Se la dio Sor Catalina el día en que abandonó el orfanato.
—La traías en tu manita, los dedos aferrados a ella, tanto que solo cuando te dimos ese baño que necesitabas pudimos verla —dijo la religiosa al entregarle una perla.
Detuvo sus ojos ante esa esfera perfecta, blanca y brillante. Era todo lo que poseía. La perla y el libro de oraciones que lo acompañaba cada noche. El camino que se iniciaba ante la gran reja que separaba el edificio de las afueras del pueblo le pareció largo. No lo es tanto, se dijo Constantino entornando los ojos. He ido muchas veces a hacer recados que me encargaban las hermanas y no tardaba más de diez minutos. Ahora era diferente. Al final de ese sendero se abría un mundo que otros llamarían libertad, pero el joven sentía una presión en el estómago y un temblor en los labios que reconocía como los síntomas de cuando se enfrentaba a lo desconocido.
—Ve derecho a la tienda de ultramarinos. Su dueña, doña Jacinta, te espera con un puesto de dependiente, también te dará alojamiento —la voz de la hermana, tan suave, tan cálida, como siempre.
Constantino apretó la mano de quien lo consolara las noches de tormenta, de esa mujer de cuerpo tan generoso como su alma, el único pecho que conoció en que apoyar su cabeza y enjugar sus lágrimas. No vio las de ella cuando inició su andar hacia el futuro.
El negocio de doña Jacinta, una viuda de mediana edad y sin hijos, se erigía en la mitad de la calle principal. Un edificio de dos plantas, la de abajo para la tienda y la de arriba era la vivienda de la señora. Le mostró su habitación, un cuarto pequeño pero limpio y con lo estrictamente necesario.
No le costó al joven aprender a despachar, conocer los productos y sus precios y asimiló de su jefa el buen trato, preguntar a los clientes por sus hijos, sus enfermedades o los resultados de la última cosecha. Por las noches, una vez hecha la caja, subían los dos y mientras la mujer preparaba la cena, el aprendiz barría o se dedicaba a lo que fuera necesario para una vida sin lujos pero sin necesidades.
Antes de dormir, jugaban a las cartas o miraban la televisión. Las conversaciones se hicieron cada vez más personales, el cariño no tardó en aparecer entre esos dos seres necesitados de afecto. Los domingos iban a misa a la iglesia del orfanato y entonces Sor Catalina respiraba tranquila al ver que su protegido había encontrado algo parecido a una madre.
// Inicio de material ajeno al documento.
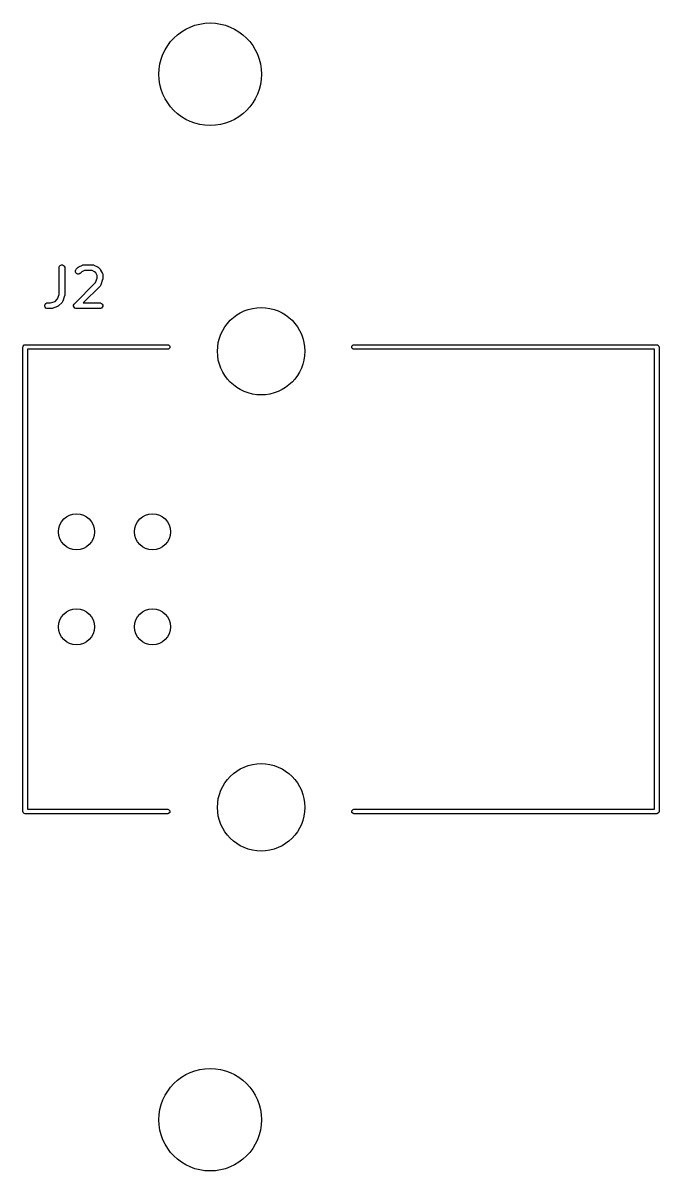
# Model space of a CAD drawing. Header units: inches. Extents: x 4.64 to 7.43, y -3.91 to -2.64.
# Drawn here: x 6.774 to 7.434, y -3.872 to -2.683 of the extents above; entities that cross this region are included whole.
import ezdxf

# ---------------------------------------------------------------- set-up
doc = ezdxf.new("R2010")
doc.units = ezdxf.units.IN
doc.header["$MEASUREMENT"] = 0
doc.layers.add('BLACK', color=250, linetype='CONTINUOUS')

msp = doc.modelspace()

# ---------------------------------------------------------------- linework, layer by layer
at = {"layer": 'BLACK', "linetype": 'CONTINUOUS'}
for p, q in [((6.8119, -2.9365), (6.812, -2.936)), ((6.8119, -2.9642), (6.8119, -2.9365)), ((6.812, -2.936), (6.8124, -2.9349)), ((6.8124, -2.9349), (6.8132, -2.9341)), ((6.8132, -2.9341), (6.8143, -2.9336)), ((6.8143, -2.9336), (6.8155, -2.9336)), ((6.8155, -2.9336), (6.8165, -2.9341)), ((6.8165, -2.9341), (6.8173, -2.9349)), ((6.8173, -2.9349), (6.8178, -2.936)), ((6.8178, -2.936), (6.8178, -2.9365)), ((6.8178, -2.9365), (6.8178, -2.9647)), ((6.8297, -2.9382), (6.8315, -2.9363)), ((6.8315, -2.9363), (6.8318, -2.9361)), ((6.8318, -2.9361), (6.8319, -2.936)), ((6.8318, -2.9361), (6.8318, -2.9361)), ((6.8319, -2.936), (6.832, -2.936)), ((6.832, -2.936), (6.8321, -2.9359)), ((6.8321, -2.9359), (6.8323, -2.9358)), ((6.8323, -2.9358), (6.8361, -2.9339)), ((6.8361, -2.9339), (6.8366, -2.9337)), ((6.8366, -2.9337), (6.8367, -2.9337)), ((6.8367, -2.9337), (6.8368, -2.9336)), ((6.8368, -2.9336), (6.8374, -2.9336)), ((6.8374, -2.9336), (6.8467, -2.9336)), ((6.8467, -2.9336), (6.8473, -2.9336)), ((6.8473, -2.9336), (6.8474, -2.9337)), ((6.8474, -2.9337), (6.8475, -2.9337)), ((6.8475, -2.9337), (6.8481, -2.9339)), ((6.8481, -2.9339), (6.8518, -2.9358)), ((6.8518, -2.9358), (6.8521, -2.9359)), ((6.8521, -2.9359), (6.8521, -2.936)), ((6.8521, -2.936), (6.8522, -2.936)), ((6.8522, -2.936), (6.8523, -2.9361)), ((6.8523, -2.9361), (6.8524, -2.9361)), ((6.8524, -2.9361), (6.8526, -2.9363)), ((6.8526, -2.9363), (6.8545, -2.9382)), ((6.8289, -2.9397), (6.8293, -2.9386)), ((6.8289, -2.9409), (6.8289, -2.9397)), ((6.8293, -2.9419), (6.8289, -2.9409)), ((6.8293, -2.9386), (6.8297, -2.9382)), ((6.8301, -2.9427), (6.8293, -2.9419)), ((6.8312, -2.9432), (6.8301, -2.9427)), ((6.8323, -2.9432), (6.8312, -2.9432)), ((6.8334, -2.9427), (6.8323, -2.9432)), ((6.8338, -2.9424), (6.8334, -2.9427)), ((6.8354, -2.9408), (6.8338, -2.9424)), ((6.8381, -2.9395), (6.8354, -2.9408)), ((6.8461, -2.9395), (6.8381, -2.9395)), ((6.8487, -2.9408), (6.8461, -2.9395)), ((6.8499, -2.942), (6.8487, -2.9408)), ((6.8498, -2.9518), (6.8513, -2.9473)), ((6.8513, -2.9447), (6.8499, -2.942)), ((6.8513, -2.9473), (6.8513, -2.9447)), ((6.8545, -2.9382), (6.8546, -2.9384)), ((6.8546, -2.9384), (6.8547, -2.9385)), ((6.8547, -2.9385), (6.8548, -2.9386)), ((6.8548, -2.9386), (6.8548, -2.9386)), ((6.8548, -2.9386), (6.8549, -2.9387)), ((6.8549, -2.9387), (6.855, -2.939)), ((6.855, -2.939), (6.8569, -2.9427)), ((6.8569, -2.9427), (6.8571, -2.9433)), ((6.8571, -2.9484), (6.857, -2.9487)), ((6.8571, -2.9433), (6.8571, -2.9434)), ((6.8571, -2.9434), (6.8571, -2.9435)), ((6.8571, -2.9435), (6.8572, -2.944)), ((6.8572, -2.9483), (6.8571, -2.9484)), ((6.8571, -2.9484), (6.8571, -2.9484)), ((6.8572, -2.944), (6.8572, -2.9478)), ((6.8572, -2.9478), (6.8572, -2.9481)), ((6.8572, -2.9481), (6.8572, -2.9482)), ((6.8572, -2.9482), (6.8572, -2.9483)), ((6.8278, -2.9738), (6.8498, -2.9518)), ((6.8545, -2.9555), (6.837, -2.973)), ((6.8548, -2.955), (6.8545, -2.9555)), ((6.8549, -2.955), (6.8548, -2.955)), ((6.8552, -2.9543), (6.8549, -2.9549)), ((6.8549, -2.9549), (6.8549, -2.955)), ((6.857, -2.9487), (6.8552, -2.9543)), ((6.8031, -2.973), (6.8077, -2.9715)), ((6.8077, -2.9715), (6.8104, -2.9687)), ((6.8104, -2.9687), (6.8119, -2.9642)), ((6.8151, -2.9724), (6.8113, -2.9761)), ((6.8155, -2.9719), (6.8151, -2.9724)), ((6.8156, -2.9717), (6.8155, -2.9718)), ((6.8155, -2.9718), (6.8155, -2.9719)), ((6.8158, -2.9712), (6.8156, -2.9717)), ((6.8177, -2.9656), (6.8158, -2.9712)), ((6.8178, -2.9652), (6.8177, -2.9653)), ((6.8177, -2.9653), (6.8177, -2.9656)), ((6.8178, -2.9647), (6.8178, -2.9649)), ((6.8178, -2.9649), (6.8178, -2.965)), ((6.8178, -2.965), (6.8178, -2.9651)), ((6.8178, -2.9651), (6.8178, -2.9652)), ((6.797, -2.9753), (6.7974, -2.9743)), ((6.797, -2.9765), (6.797, -2.9753)), ((6.7974, -2.9775), (6.797, -2.9765)), ((6.7974, -2.9743), (6.7982, -2.9735)), ((6.7982, -2.9784), (6.7974, -2.9775)), ((6.7982, -2.9735), (6.7993, -2.973)), ((6.7993, -2.9788), (6.7982, -2.9784)), ((6.7993, -2.973), (6.7999, -2.973)), ((6.7999, -2.9789), (6.7993, -2.9788)), ((6.7999, -2.973), (6.8031, -2.973)), ((6.8036, -2.9789), (6.7999, -2.9789)), ((6.8039, -2.9788), (6.8036, -2.9789)), ((6.804, -2.9788), (6.8039, -2.9788)), ((6.8041, -2.9788), (6.804, -2.9788)), ((6.8042, -2.9788), (6.8041, -2.9788)), ((6.8043, -2.9788), (6.8042, -2.9788)), ((6.8046, -2.9787), (6.8043, -2.9788)), ((6.8102, -2.9768), (6.8046, -2.9787)), ((6.8107, -2.9766), (6.8102, -2.9768)), ((6.8108, -2.9765), (6.8107, -2.9766)), ((6.8109, -2.9765), (6.8108, -2.9765)), ((6.8113, -2.9761), (6.8109, -2.9765)), ((6.827, -2.9753), (6.8274, -2.9743)), ((6.827, -2.9765), (6.827, -2.9753)), ((6.8274, -2.9775), (6.827, -2.9765)), ((6.8274, -2.9743), (6.8278, -2.9738)), ((6.8282, -2.9784), (6.8274, -2.9775)), ((6.8293, -2.9788), (6.8282, -2.9784)), ((6.8299, -2.9789), (6.8293, -2.9788)), ((6.8542, -2.9789), (6.8299, -2.9789)), ((6.837, -2.973), (6.8542, -2.973)), ((6.8542, -2.973), (6.8548, -2.973)), ((6.8548, -2.9788), (6.8542, -2.9789)), ((6.8548, -2.973), (6.8559, -2.9735)), ((6.8559, -2.9784), (6.8548, -2.9788)), ((6.8559, -2.9735), (6.8567, -2.9743)), ((6.8567, -2.9775), (6.8559, -2.9784)), ((6.8567, -2.9743), (6.8571, -2.9753)), ((6.8571, -2.9765), (6.8567, -2.9775)), ((6.8571, -2.9753), (6.8571, -2.9765)), ((6.7745, -3.0187), (6.7747, -3.0178)), ((6.7745, -3.4998), (6.7745, -3.0187)), ((6.7747, -3.0178), (6.7759, -3.0165)), ((6.7759, -3.0165), (6.7769, -3.0163)), ((6.7769, -3.0163), (6.9245, -3.0163)), ((6.9245, -3.0163), (6.9254, -3.0165)), ((6.9254, -3.0165), (6.9267, -3.0178)), ((6.9267, -3.0196), (6.9254, -3.0208)), ((6.9267, -3.0178), (6.9267, -3.0196)), ((7.1152, -3.0178), (7.1165, -3.0165)), ((7.1152, -3.0196), (7.1152, -3.0178)), ((7.1165, -3.0208), (7.1152, -3.0196)), ((7.1165, -3.0165), (7.1174, -3.0163)), ((7.1174, -3.0163), (7.4312, -3.0163)), ((7.4312, -3.0163), (7.4321, -3.0165)), ((7.4321, -3.0165), (7.4334, -3.0178)), ((7.4334, -3.0178), (7.4335, -3.0187)), ((7.4335, -3.0187), (7.4335, -3.4998)), ((6.9245, -3.021), (6.7792, -3.021)), ((6.7792, -3.021), (6.7792, -3.4974)), ((6.9254, -3.0208), (6.9245, -3.021)), ((7.1174, -3.021), (7.1165, -3.0208)), ((7.4288, -3.021), (7.1174, -3.021)), ((7.4288, -3.4974), (7.4288, -3.021)), ((6.7747, -3.5007), (6.7745, -3.4998)), ((6.7759, -3.5019), (6.7747, -3.5007)), ((6.7769, -3.5021), (6.7759, -3.5019)), ((6.9245, -3.5021), (6.7769, -3.5021)), ((6.7792, -3.4974), (6.9245, -3.4974)), ((6.9245, -3.4974), (6.9254, -3.4976)), ((6.9254, -3.5019), (6.9245, -3.5021)), ((6.9254, -3.4976), (6.9267, -3.4989)), ((6.9267, -3.5007), (6.9254, -3.5019)), ((6.9267, -3.4989), (6.9267, -3.5007)), ((7.1152, -3.4989), (7.1165, -3.4976)), ((7.1152, -3.5007), (7.1152, -3.4989)), ((7.1165, -3.5019), (7.1152, -3.5007)), ((7.1165, -3.4976), (7.1174, -3.4974)), ((7.1174, -3.5021), (7.1165, -3.5019)), ((7.1174, -3.4974), (7.4288, -3.4974)), ((7.4312, -3.5021), (7.1174, -3.5021)), ((7.4321, -3.5019), (7.4312, -3.5021)), ((7.4334, -3.5007), (7.4321, -3.5019)), ((7.4335, -3.4998), (7.4334, -3.5007))]:
    msp.add_line(p, q, dxfattribs=at)
at = {"layer": 'BLACK'}
for centre, radius in [((6.9685, -2.7362), 0.0531), ((6.9685, -2.7362), 0.0531), ((7.0213, -3.023), 0.0453), ((7.0213, -3.023), 0.0453), ((6.83, -3.21), 0.0187), ((6.83, -3.21), 0.0187), ((6.9087, -3.21), 0.0187), ((6.9087, -3.21), 0.0187), ((6.83, -3.3084), 0.0187), ((6.83, -3.3084), 0.0187), ((6.9087, -3.3084), 0.0187), ((6.9087, -3.3084), 0.0187), ((7.0213, -3.4954), 0.0453), ((7.0213, -3.4954), 0.0453), ((6.9685, -3.8189), 0.0531), ((6.9685, -3.8189), 0.0531)]:
    msp.add_circle(centre, radius, dxfattribs=at)

doc.saveas('drawing.dxf')

La tarde en que fue a llevarle el pedido semanal a don Fermín, el único relojero del pueblo, el joven lo vio trabajando con una piedra azul.
—Es un topacio —dijo el anciano al ver la mirada sorprendida de Constantino.
—¿Y qué va a hacer con ella?
—Engarzarla en una sortija —respondió el joyero mirándolo por encima de sus gafas—. Será un anillo de pedida. ¿Sabes lo que es un compromiso matrimonial?
—Claro, he servido como monaguillo en algunas bodas cuando estaba en el convento.
Al volver a su habitación sacó de una pequeña caja la perla que le había entregado la monja antes de iniciar su nueva vida. Ahora sé cuál va a ser tu destino, le dijo a la gema mientras la acariciaba. A la mañana siguiente volvió a casa del joyero.
—¿Podría engarzarla para un colgante y tenerlo antes de quince días?
—Preguntó a don Fermín con la voz entrecortada. —No la he robado —y le contó la historia.
El primer domingo de mayo, Día de la Madre, Sor Catalina se secó las lágrimas al ver a su protegido junto a doña Jacinta y a esta con la perla colgada del cuello.